_TASK ITEM_
Word for word, the listing below should be printed again.

_SUPPLIED ENTRIES_
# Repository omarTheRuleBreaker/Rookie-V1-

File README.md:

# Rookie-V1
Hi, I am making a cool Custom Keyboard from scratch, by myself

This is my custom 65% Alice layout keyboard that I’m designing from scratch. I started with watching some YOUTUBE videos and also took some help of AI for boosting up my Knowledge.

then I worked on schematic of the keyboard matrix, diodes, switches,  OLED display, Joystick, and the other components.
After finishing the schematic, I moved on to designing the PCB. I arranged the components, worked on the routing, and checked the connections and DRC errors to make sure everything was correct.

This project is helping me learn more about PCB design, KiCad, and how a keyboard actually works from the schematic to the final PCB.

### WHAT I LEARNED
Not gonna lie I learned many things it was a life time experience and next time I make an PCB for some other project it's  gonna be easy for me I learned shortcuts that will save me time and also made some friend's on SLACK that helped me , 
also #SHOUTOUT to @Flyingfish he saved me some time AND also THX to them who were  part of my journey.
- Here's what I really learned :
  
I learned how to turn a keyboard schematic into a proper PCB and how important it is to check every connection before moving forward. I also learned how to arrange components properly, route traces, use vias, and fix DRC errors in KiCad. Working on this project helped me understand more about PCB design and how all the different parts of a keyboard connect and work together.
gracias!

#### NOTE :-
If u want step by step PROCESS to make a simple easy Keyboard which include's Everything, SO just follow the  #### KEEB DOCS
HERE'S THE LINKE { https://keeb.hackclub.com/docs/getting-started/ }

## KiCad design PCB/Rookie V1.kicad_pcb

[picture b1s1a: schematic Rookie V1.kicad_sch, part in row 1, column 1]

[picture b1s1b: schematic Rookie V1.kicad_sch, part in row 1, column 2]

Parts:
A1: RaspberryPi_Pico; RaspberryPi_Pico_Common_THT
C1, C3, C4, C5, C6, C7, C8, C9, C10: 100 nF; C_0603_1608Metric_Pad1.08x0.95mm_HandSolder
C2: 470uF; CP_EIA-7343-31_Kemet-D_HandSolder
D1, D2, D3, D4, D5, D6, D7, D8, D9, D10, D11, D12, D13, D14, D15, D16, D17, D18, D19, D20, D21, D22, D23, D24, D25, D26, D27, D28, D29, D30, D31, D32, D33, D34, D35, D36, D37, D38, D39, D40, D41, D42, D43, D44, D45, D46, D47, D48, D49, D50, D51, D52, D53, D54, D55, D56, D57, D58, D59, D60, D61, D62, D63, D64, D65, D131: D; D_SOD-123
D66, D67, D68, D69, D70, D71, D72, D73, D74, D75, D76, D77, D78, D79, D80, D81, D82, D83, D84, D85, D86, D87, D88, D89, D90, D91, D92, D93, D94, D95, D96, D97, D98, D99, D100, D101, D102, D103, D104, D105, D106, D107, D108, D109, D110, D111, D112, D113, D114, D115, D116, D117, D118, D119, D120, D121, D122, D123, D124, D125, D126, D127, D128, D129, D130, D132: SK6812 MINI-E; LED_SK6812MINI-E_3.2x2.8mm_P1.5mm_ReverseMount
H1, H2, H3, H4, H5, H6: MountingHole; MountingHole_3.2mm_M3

_RESULT OF THIS TASK_
# Repository omarTheRuleBreaker/Rookie-V1-

File README.md:

# Rookie-V1
Hi, I am making a cool Custom Keyboard from scratch, by myself

This is my custom 65% Alice layout keyboard that I’m designing from scratch. I started with watching some YOUTUBE videos and also took some help of AI for boosting up my Knowledge.

then I worked on schematic of the keyboard matrix, diodes, switches,  OLED display, Joystick, and the other components.
After finishing the schematic, I moved on to designing the PCB. I arranged the components, worked on the routing, and checked the connections and DRC errors to make sure everything was correct.

This project is helping me learn more about PCB design, KiCad, and how a keyboard actually works from the schematic to the final PCB.

### WHAT I LEARNED
Not gonna lie I learned many things it was a life time experience and next time I make an PCB for some other project it's  gonna be easy for me I learned shortcuts that will save me time and also made some friend's on SLACK that helped me , 
also #SHOUTOUT to @Flyingfish he saved me some time AND also THX to them who were  part of my journey.
- Here's what I really learned :
  
I learned how to turn a keyboard schematic into a proper PCB and how important it is to check every connection before moving forward. I also learned how to arrange components properly, route traces, use vias, and fix DRC errors in KiCad. Working on this project helped me understand more about PCB design and how all the different parts of a keyboard connect and work together.
gracias!

#### NOTE :-
If u want step by step PROCESS to make a simple easy Keyboard which include's Everything, SO just follow the  #### KEEB DOCS
HERE'S THE LINKE { https://keeb.hackclub.com/docs/getting-started/ }

## KiCad design PCB/Rookie V1.kicad_pcb

[picture b1s1a: schematic Rookie V1.kicad_sch, part in row 1, column 1]

[picture b1s1b: schematic Rookie V1.kicad_sch, part in row 1, column 2]

Parts:
A1: RaspberryPi_Pico; RaspberryPi_Pico_Common_THT
C1, C3, C4, C5, C6, C7, C8, C9, C10: 100 nF; C_0603_1608Metric_Pad1.08x0.95mm_HandSolder
C2: 470uF; CP_EIA-7343-31_Kemet-D_HandSolder
D1, D2, D3, D4, D5, D6, D7, D8, D9, D10, D11, D12, D13, D14, D15, D16, D17, D18, D19, D20, D21, D22, D23, D24, D25, D26, D27, D28, D29, D30, D31, D32, D33, D34, D35, D36, D37, D38, D39, D40, D41, D42, D43, D44, D45, D46, D47, D48, D49, D50, D51, D52, D53, D54, D55, D56, D57, D58, D59, D60, D61, D62, D63, D64, D65, D131: D; D_SOD-123
D66, D67, D68, D69, D70, D71, D72, D73, D74, D75, D76, D77, D78, D79, D80, D81, D82, D83, D84, D85, D86, D87, D88, D89, D90, D91, D92, D93, D94, D95, D96, D97, D98, D99, D100, D101, D102, D103, D104, D105, D106, D107, D108, D109, D110, D111, D112, D113, D114, D115, D116, D117, D118, D119, D120, D121, D122, D123, D124, D125, D126, D127, D128, D129, D130, D132: SK6812 MINI-E; LED_SK6812MINI-E_3.2x2.8mm_P1.5mm_ReverseMount
H1, H2, H3, H4, H5, H6: MountingHole; MountingHole_3.2mm_M3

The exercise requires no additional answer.